* [Records for the task]
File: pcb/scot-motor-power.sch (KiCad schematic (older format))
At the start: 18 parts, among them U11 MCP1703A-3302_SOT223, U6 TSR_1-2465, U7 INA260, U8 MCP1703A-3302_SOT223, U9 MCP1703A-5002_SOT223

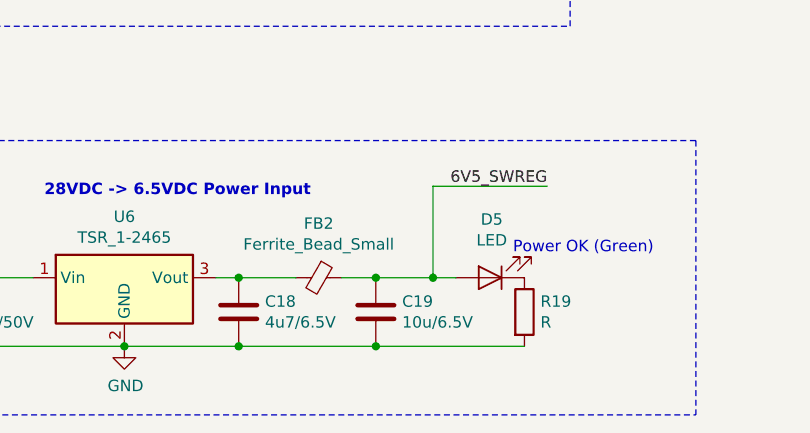
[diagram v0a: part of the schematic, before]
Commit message: pcb: Add BOM list. Adjust some values to reduce lines.
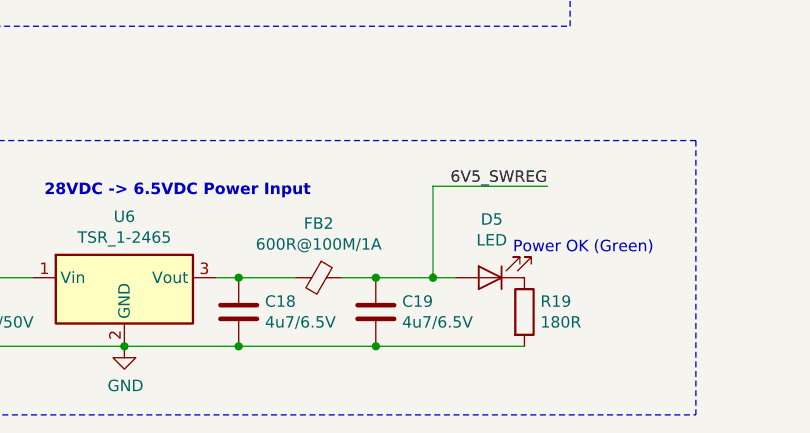
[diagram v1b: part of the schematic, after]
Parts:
- C19: value 10u/6.5V -> 4u7/6.5V
- FB2: value Ferrite_Bead_Small -> 600R@100M/1A
- R19: value R -> 180R
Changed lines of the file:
@@
 P 5100 5100
 F 0 "FB2" V 4863 5100 50  0000 C CNN
-F 1 "Ferrite_Bead_Small" V 4954 5100 50  0000 C CNN
+F 1 "600R@100M/1A" V 4954 5100 50  0000 C CNN
 F 2 "Inductor_SMD:L_0805_2012Metric_Pad1.15x1.40mm_HandSolder" V 5030 5100 50  0001 C CNN
 F 3 "~" H 5100 5100 50  0001 C CNN
@@
 P 5350 5250
 F 0 "C19" H 5465 5296 50  0000 L CNN
-F 1 "10u/6.5V" H 5465 5205 50  0000 L CNN
+F 1 "4u7/6.5V" H 5465 5205 50  0000 L CNN
 F 2 "Capacitor_SMD:C_0805_2012Metric_Pad1.15x1.40mm_HandSolder" H 5388 5100 50  0001 C CNN
 F 3 "~" H 5350 5250 50  0001 C CNN
@@
 P 6000 5250
 F 0 "R19" H 6070 5296 50  0000 L CNN
-F 1 "R" H 6070 5205 50  0000 L CNN
+F 1 "180R" H 6070 5205 50  0000 L CNN
 F 2 "Resistor_SMD:R_0805_2012Metric_Pad1.15x1.40mm_HandSolder" V 5930 5250 50  0001 C CNN
 F 3 "~" H 6000 5250 50  0001 C CNN

* [What you have to do] Leaving the pictures aside, transcribe only the lines from the one containing "Commit message: pcb: Add" to the final line of the listing above, inclusive, exactly as they appear.

* [Exercise result]
Commit message: pcb: Add BOM list. Adjust some values to reduce lines.
[diagram v1b: part of the schematic, after]
Parts:
- C19: value 10u/6.5V -> 4u7/6.5V
- FB2: value Ferrite_Bead_Small -> 600R@100M/1A
- R19: value R -> 180R
Changed lines of the file:
@@
 P 5100 5100
 F 0 "FB2" V 4863 5100 50  0000 C CNN
-F 1 "Ferrite_Bead_Small" V 4954 5100 50  0000 C CNN
+F 1 "600R@100M/1A" V 4954 5100 50  0000 C CNN
 F 2 "Inductor_SMD:L_0805_2012Metric_Pad1.15x1.40mm_HandSolder" V 5030 5100 50  0001 C CNN
 F 3 "~" H 5100 5100 50  0001 C CNN
@@
 P 5350 5250
 F 0 "C19" H 5465 5296 50  0000 L CNN
-F 1 "10u/6.5V" H 5465 5205 50  0000 L CNN
+F 1 "4u7/6.5V" H 5465 5205 50  0000 L CNN
 F 2 "Capacitor_SMD:C_0805_2012Metric_Pad1.15x1.40mm_HandSolder" H 5388 5100 50  0001 C CNN
 F 3 "~" H 5350 5250 50  0001 C CNN
@@
 P 6000 5250
 F 0 "R19" H 6070 5296 50  0000 L CNN
-F 1 "R" H 6070 5205 50  0000 L CNN
+F 1 "180R" H 6070 5205 50  0000 L CNN
 F 2 "Resistor_SMD:R_0805_2012Metric_Pad1.15x1.40mm_HandSolder" V 5930 5250 50  0001 C CNN
 F 3 "~" H 6000 5250 50  0001 C CNN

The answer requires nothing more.